== DIRECTIONS FOR THIS TASK ==
Beginning with the line below that contains "line L4 (5.75, -1.15) -> (6.85, -1.15)" and ending with the line that contains "line L11 (0, 0) -> (0, -5)", copy every line exactly. Copy nothing else.

== LISTED RECORDS ==
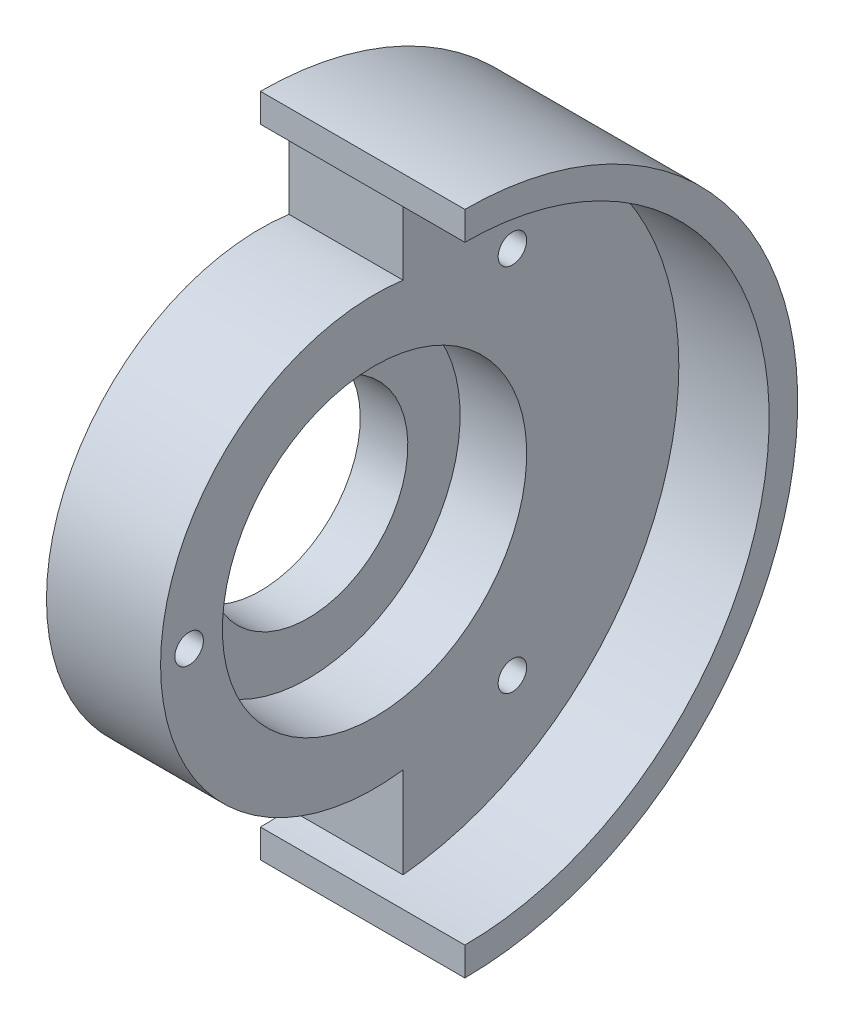
SolidWorks part; units mm, degrees
ref_plane "Front Plane" through (0, 0, 0) normal (0, 0, 1) x (1, 0, 0)
ref_plane "Top Plane" through (0, 0, 0) normal (0, 1, 0) x (1, 0, 0)
ref_plane "Right Plane" through (0, 0, 0) normal (1, 0, 0) x (0, 0, -1)
sketch "Sketch1" plane through (0, 0, 0) normal (0, 0, 1) x (1, 0, 0)
  line L0 (21.5, 35) -> (21.5, 32)
  line L1 (21.5, 32) -> (12, 32)
  line L2 (12, 32) -> (12, 16)
  line L3 (12, 16) -> (5, 16)
  line L4 (5, 16) -> (5, 10.5)
  line L5 (5, 10.5) -> (0, 10.5)
  line L6 (0, 10.5) -> (0, 35)
  line L7 (0, 35) -> (21.5, 35)
  line L8 (21.5, 0) -> (0, 0) construction
  dimension "D1" = 5
  dimension "D2" = 7
  dimension "D3" = 9.5
  dimension "D4" = 10.5
  dimension "D5" = 16
  dimension "D6" = 32
  dimension "D7" = 35
revolve "Revolve1" add sketch "Sketch1" angle 360 about L8
sketch "Sketch2" plane through (12, 0, 0) normal (1, 0, 0) x (0, 0, -1)
  line L0 (3, 22.2991) -> (3, 31.8591)
  line L1 (3, -22.2991) -> (3, -31.8591)
  line L2 (0, 35) -> (0, 32)
  line L3 (0, -32) -> (0, -35)
  arc A0 (3, 31.8591) -> (0, 32) centre (0, 0) ccw
  arc A1 (3, 22.2991) -> (3, -22.2991) centre (0, 0) ccw
  circle A2 centre (-19.5, 0) radius 1.5
  circle A3 centre (0, 0) radius 32 construction
  arc A4 (3, 22.2991) -> (3, -22.2991) centre (0, 0) ccw construction
  circle A5 centre (14.5, -19.4374) radius 1.5
  circle A6 centre (14.5, 19.4374) radius 1.5
  circle A7 centre (14.5, 19.4374) radius 1.5 construction
  circle A8 centre (-19.5, 0) radius 1.5 construction
  circle A9 centre (14.5, -19.4374) radius 1.5 construction
  arc A10 (0, 35) -> (0, -35) centre (0, 0) ccw
  circle A11 centre (0, 0) radius 35 construction
  arc A12 (0, -32) -> (3, -31.8591) centre (0, 0) ccw
extrude "Cut-Extrude1" cut sketch "Sketch2" against normal through all both and the other way through all
sketch "Sketch3" plane through (0, 0, 0) normal (-1, 0, 0) x (0, 0, 1)
  circle A0 centre (-14.5, 19.4374) radius 2.75
  circle A1 centre (19.5, 0) radius 2.75
  circle A2 centre (-14.5, -19.4374) radius 2.75
  dimension "D1" = 5.5
extrude "Cut-Extrude2" cut sketch "Sketch3" against normal blind 5
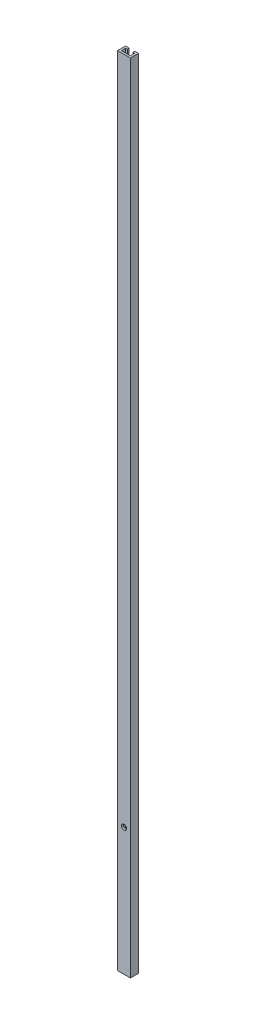
SolidWorks part; units mm, degrees
ref_plane "前视基准面" through (0, 0, 0) normal (0, 0, 1) x (1, 0, 0)
ref_plane "上视基准面" through (0, 0, 0) normal (0, 1, 0) x (1, 0, 0)
ref_plane "右视基准面" through (0, 0, 0) normal (1, 0, 0) x (0, 0, -1)
sketch "草图1" plane through (0, 0, 0) normal (0, 1, 0) x (1, 0, 0)
  line L0 (0, -5) -> (8, -5)
  line L1 (8, -5) -> (8, 0)
  line L2 (8, 0) -> (5.75, 0)
  line L3 (5.75, 0) -> (5.75, -1.15)
  line L4 (5.75, -1.15) -> (6.85, -1.15)
  line L5 (6.85, -1.15) -> (6.85, -3.85)
  line L6 (6.85, -3.85) -> (1.15, -3.85)
  line L7 (1.15, -3.85) -> (1.15, -1.15)
  line L8 (1.15, -1.15) -> (2.25, -1.15)
  line L9 (2.25, -1.15) -> (2.25, 0)
  line L10 (2.25, 0) -> (0, 0)
  line L11 (0, 0) -> (0, -5)
  line L12 (4, -3.85) -> (4, -5) construction
  line L13 (2.25, 0) -> (5.75, 0) construction
  line L14 (4, 0) -> (4, -3.85) construction
  dimension "D1" = 5
  dimension "D2" = 8
  dimension "D3" = 1.15
  dimension "D4" = 1.15
  dimension "D5" = 1.15
  dimension "D6" = 3.5
  dimension "D7" = 5.7
extrude "凸台-拉伸1" add sketch "草图1" along normal blind 500
sketch "草图2" plane through (0, 0, 5) normal (0, 0, 1) x (1, 0, 0)
  line L0 (0, 0) -> (8, 0) construction
  line L1 (4, 80) -> (4, 0) construction
  line L2 (0, 500) -> (8, 500) construction
  circle A0 centre (4, 80) radius 1.6
  dimension "D2" = 3.2
  dimension "D1" = 420
extrude "切除-拉伸1" cut sketch "草图2" against normal up to surface (1.15 mm away) up to face at (4, 250, 3.85)
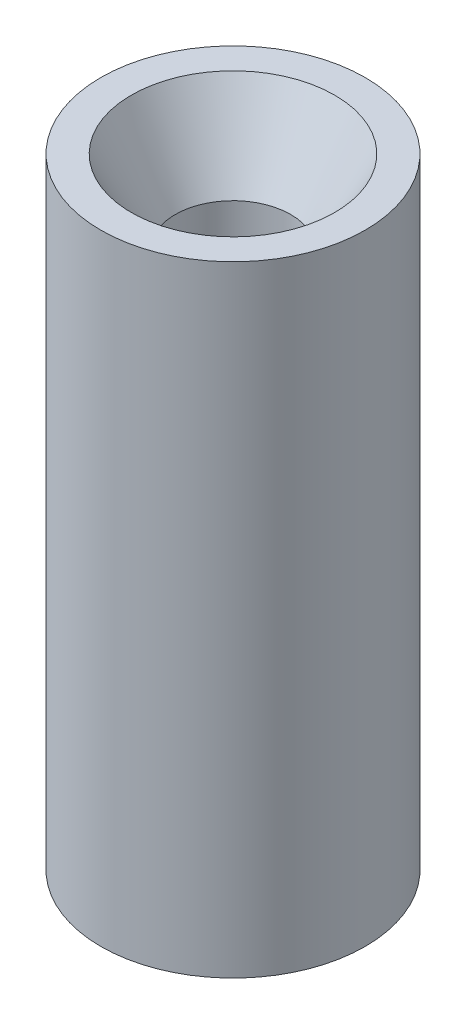
SolidWorks part; units mm, degrees
ref_plane "Alzado" through (0, 0, 0) normal (0, 0, 1) x (1, 0, 0)
ref_plane "Planta" through (0, 0, 0) normal (0, 1, 0) x (1, 0, 0)
ref_plane "Vista lateral" through (0, 0, 0) normal (1, 0, 0) x (0, 0, -1)
sketch "Croquis2" plane through (0, 0, 0) normal (0, 0, 1) x (1, 0, 0)
  line L0 (0, -23.5849) -> (0, 38.9524) construction
  line L2 (-10, 0) -> (-5.675, 8)
  line L3 (-5.675, 8) -> (-5.675, 53)
  line L4 (-5.675, 53) -> (-10, 61)
  line L5 (-10, 61) -> (-13, 61)
  line L6 (-13, 61) -> (-13, 0)
  line L7 (-13, 0) -> (-10, 0)
  point P7 (0, 0)
  dimension "D1" = 8
  dimension "D2" = 3
  dimension "D3" = 11.35
  dimension "D4" = 61
  dimension "D5" = 26
  dimension "D6" = 4.325
revolve "Revolución1" add sketch "Croquis2" angle 360 about L0
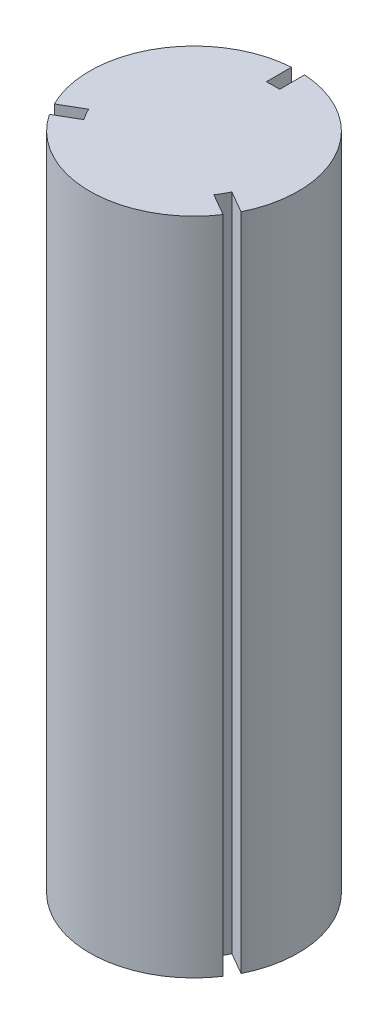
SolidWorks part; units mm, degrees
ref_plane "Front Plane" through (0, 0, 0) normal (0, 0, 1) x (1, 0, 0)
ref_plane "Top Plane" through (0, 0, 0) normal (0, 1, 0) x (1, 0, 0)
ref_plane "Right Plane" through (0, 0, 0) normal (1, 0, 0) x (0, 0, -1)
sketch "Sketch1" plane through (0, 0, 0) normal (0, 1, 0) x (1, 0, 0)
  circle A0 centre (0, 0) radius 3.95
  dimension "D1" = 7.9
extrude "Boss-Extrude1" add sketch "Sketch1" along normal blind 25
sketch "Sketch2" plane through (0, 25, 0) normal (0, 1, 0) x (1, 0, 0)
  line L0 (0.125, 0.2165) -> (3.5389, -1.7545)
  line L1 (-0.25, 0) -> (0.25, 0)
  line L2 (-0.25, 0) -> (-0.25, 3.9421)
  line L3 (-0.25, 3.9421) -> (0.25, 3.9421)
  line L4 (0.25, 0) -> (0.25, 3.9421)
  line L5 (0.125, 0.2165) -> (-0.125, -0.2165)
  line L6 (-0.125, -0.2165) -> (3.2889, -2.1875)
  line L7 (3.5389, -1.7545) -> (3.2889, -2.1875)
  line L8 (0.125, -0.2165) -> (-3.2889, -2.1875)
  line L9 (0.125, -0.2165) -> (-0.125, 0.2165)
  line L10 (-0.125, 0.2165) -> (-3.5389, -1.7545)
  line L11 (-3.2889, -2.1875) -> (-3.5389, -1.7545)
  circle A0 centre (0, 0) radius 3.95 construction
  circle A1 centre (0, 0) radius 3
  point P6 (0, 0)
  point P10 (0, 0)
  point P18 (0, 0)
  dimension "D3" = 6
  dimension "D1" = 0.5
  dimension "D2" = 3
extrude "Cut-Extrude1" cut sketch "Sketch2" against normal blind 25 contours A1 L4 L3 L2 | A1 L10 L11 L8 | A1 L6 L7 L0
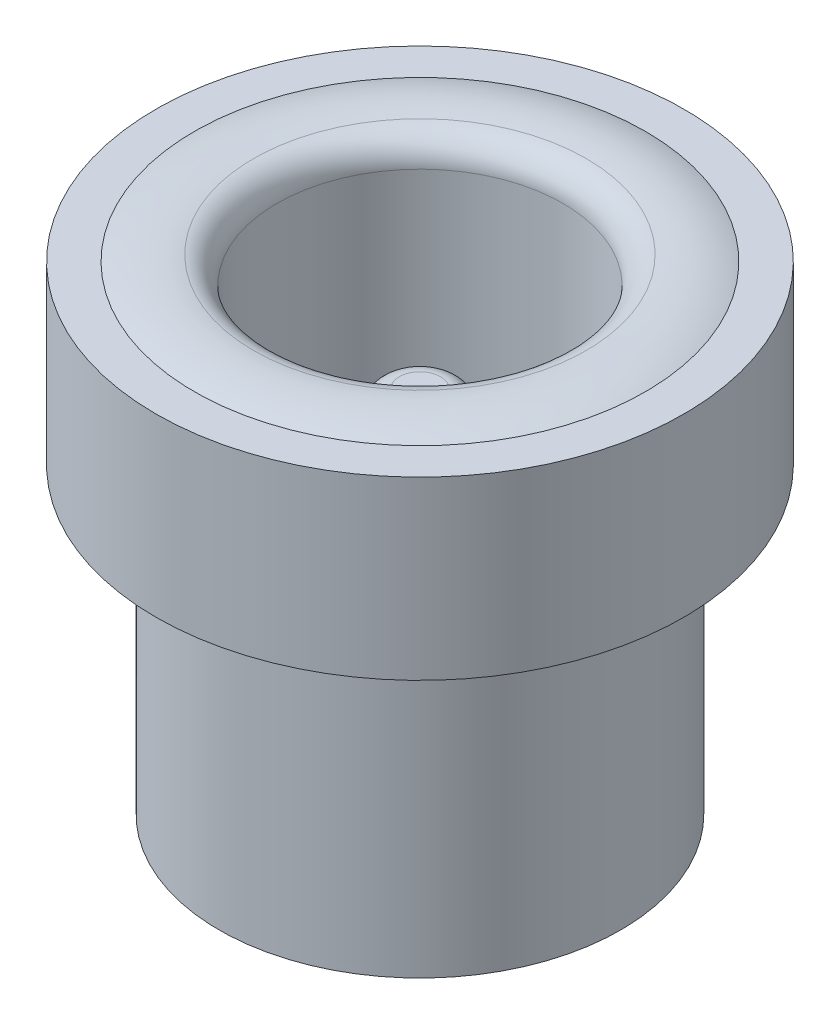
SolidWorks part; units mm, degrees
material "PE High Density"
ref_plane "Front Plane" through (0, 0, 0) normal (0, 0, 1) x (1, 0, 0)
ref_plane "Top Plane" through (0, 0, 0) normal (0, 1, 0) x (1, 0, 0)
ref_plane "Right Plane" through (0, 0, 0) normal (1, 0, 0) x (0, 0, -1)
sketch "Sketch1" plane through (0, 0, 0) normal (0, 1, 0) x (1, 0, 0)
  circle A0 centre (0, 0) radius 4.8
  dimension "D1" = 9.6
extrude "Boss-Extrude1" add sketch "Sketch1" along normal blind 3.2
sketch "Sketch2" plane through (0, 0, 0) normal (0, -1, 0) x (1, 0, 0)
  circle A0 centre (0, 0) radius 3.65
  dimension "D1" = 7.3
extrude "Boss-Extrude2" add sketch "Sketch2" along normal blind 5.5
sketch "Sketch3" plane through (0, 3.2, 0) normal (0, 1, 0) x (1, 0, 0)
  circle A0 centre (0, 0) radius 2.6
extrude "Cut-Extrude1" cut sketch "Sketch3" against normal blind 8
sketch "Sketch4" plane through (0, 0, 0) normal (0, 0, 1) x (1, 0, 0)
  line L0 (2.6, 3.2) -> (-2.6, 3.2) construction
  line L1 (2.6, 3.2) -> (-2.6, 3.2) construction
  line L2 (4.8, 3.2) -> (-4.8, 3.2) construction
  line L3 (-4.1, 3.2) -> (-2.6, 3.2)
  line L4 (0, 0) -> (0, 5.264) construction
  arc A0 (-2.6, 3.2) -> (-4.1, 3.2) centre (-3.35, 1.2) ccw
  dimension "D1" = 0.7
  dimension "D2" = 2
revolve "Revolve1" add sketch "Sketch4" angle 360 about L4
fillet "Fillet1" radius 0.5 1 edges at (0, 3.2, -2.6)
sketch "Sketch5" plane through (0, -4.8, 0) normal (0, 1, 0) x (1, 0, 0)
  circle A0 centre (0, 0) radius 0.75
extrude "Boss-Extrude3" add sketch "Sketch5" along normal blind 6
fillet "Fillet2" radius 0.375 1 edges at (0, 1.2, 0.75)
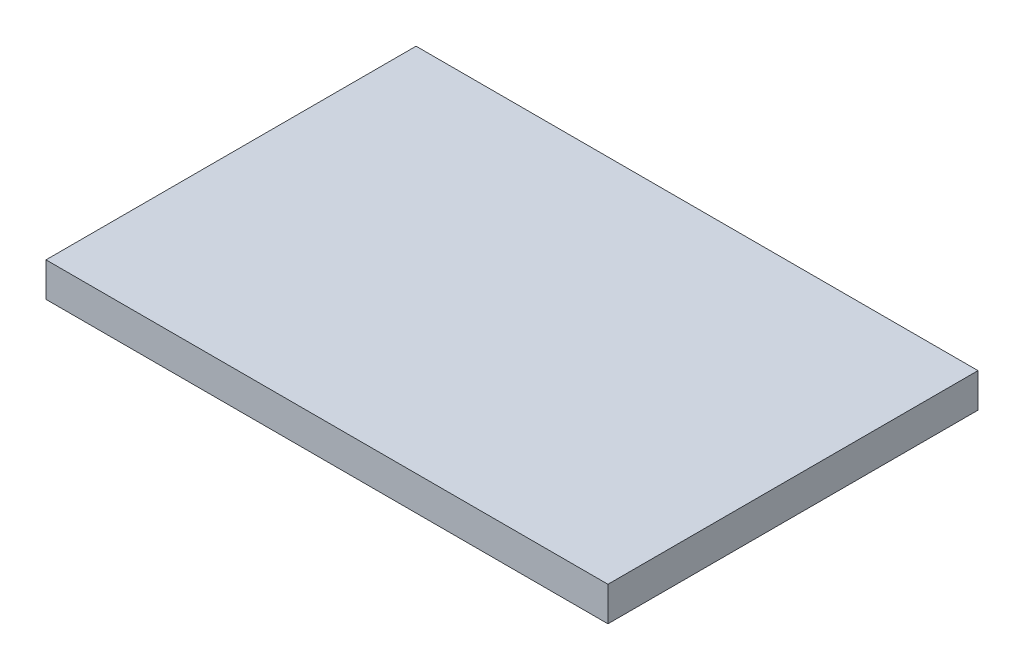
SolidWorks part; units mm, degrees
ref_plane "Front Plane" through (0, 0, 0) normal (0, 0, 1) x (1, 0, 0)
ref_plane "Top Plane" through (0, 0, 0) normal (0, 1, 0) x (1, 0, 0)
ref_plane "Right Plane" through (0, 0, 0) normal (1, 0, 0) x (0, 0, -1)
sketch "Sketch3" plane through (0, 0, 0) normal (0, 1, 0) x (1, 0, 0)
  line L1 (0, 0) -> (164, 0)
  line L2 (0, 0) -> (0, 108)
  line L3 (0, 108) -> (164, 108)
  line L4 (164, 0) -> (164, 108)
  dimension "D1" = 108
  dimension "D2" = 164
extrude "Boss-Extrude1" add sketch "Sketch3" along normal blind 10
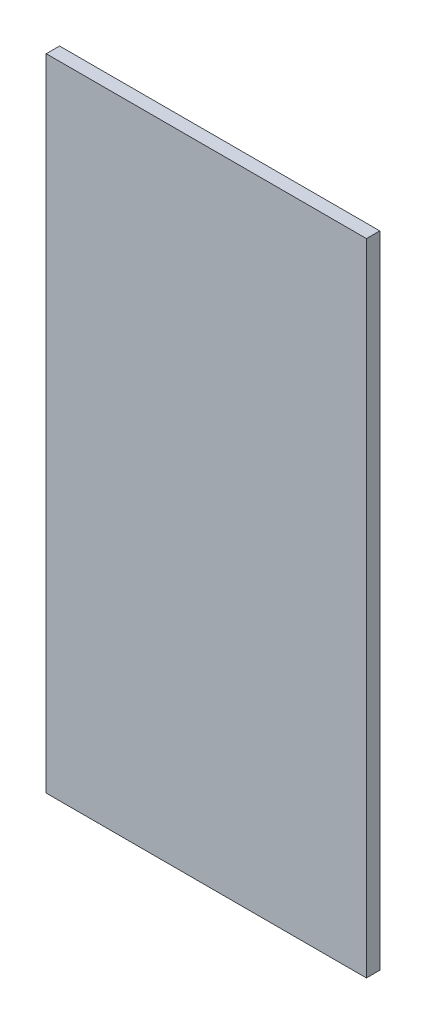
SolidWorks part; units mm, degrees
ref_plane "Front Plane" through (0, 0, 0) normal (0, 0, 1) x (1, 0, 0)
ref_plane "Top Plane" through (0, 0, 0) normal (0, 1, 0) x (1, 0, 0)
ref_plane "Right Plane" through (0, 0, 0) normal (1, 0, 0) x (0, 0, -1)
sketch "Sketch2" plane through (0, 0, 0) normal (0, 0, 1) x (1, 0, 0)
  line L3 (-152.4, 304.8) -> (152.4, 304.8)
  line L4 (-152.4, 304.8) -> (-152.4, -304.8)
  line L5 (-152.4, -304.8) -> (152.4, -304.8)
  line L6 (152.4, 304.8) -> (152.4, -304.8)
  dimension "D1" = 152.4
  dimension "D2" = 609.6
  dimension "D3" = 304.8
  dimension "D4" = 304.8
extrude "Boss-Extrude1" add sketch "Sketch2" along normal mid plane 12.7 contours L4 L5 L6 L3

== TASK SOLUTION ==
  line L4 (5.75, -1.15) -> (6.85, -1.15)
  line L5 (6.85, -1.15) -> (6.85, -3.85)
  line L6 (6.85, -3.85) -> (1.15, -3.85)
  line L7 (1.15, -3.85) -> (1.15, -1.15)
  line L8 (1.15, -1.15) -> (2.25, -1.15)
  line L9 (2.25, -1.15) -> (2.25, 0)
  line L10 (2.25, 0) -> (0, 0)
  line L11 (0, 0) -> (0, -5)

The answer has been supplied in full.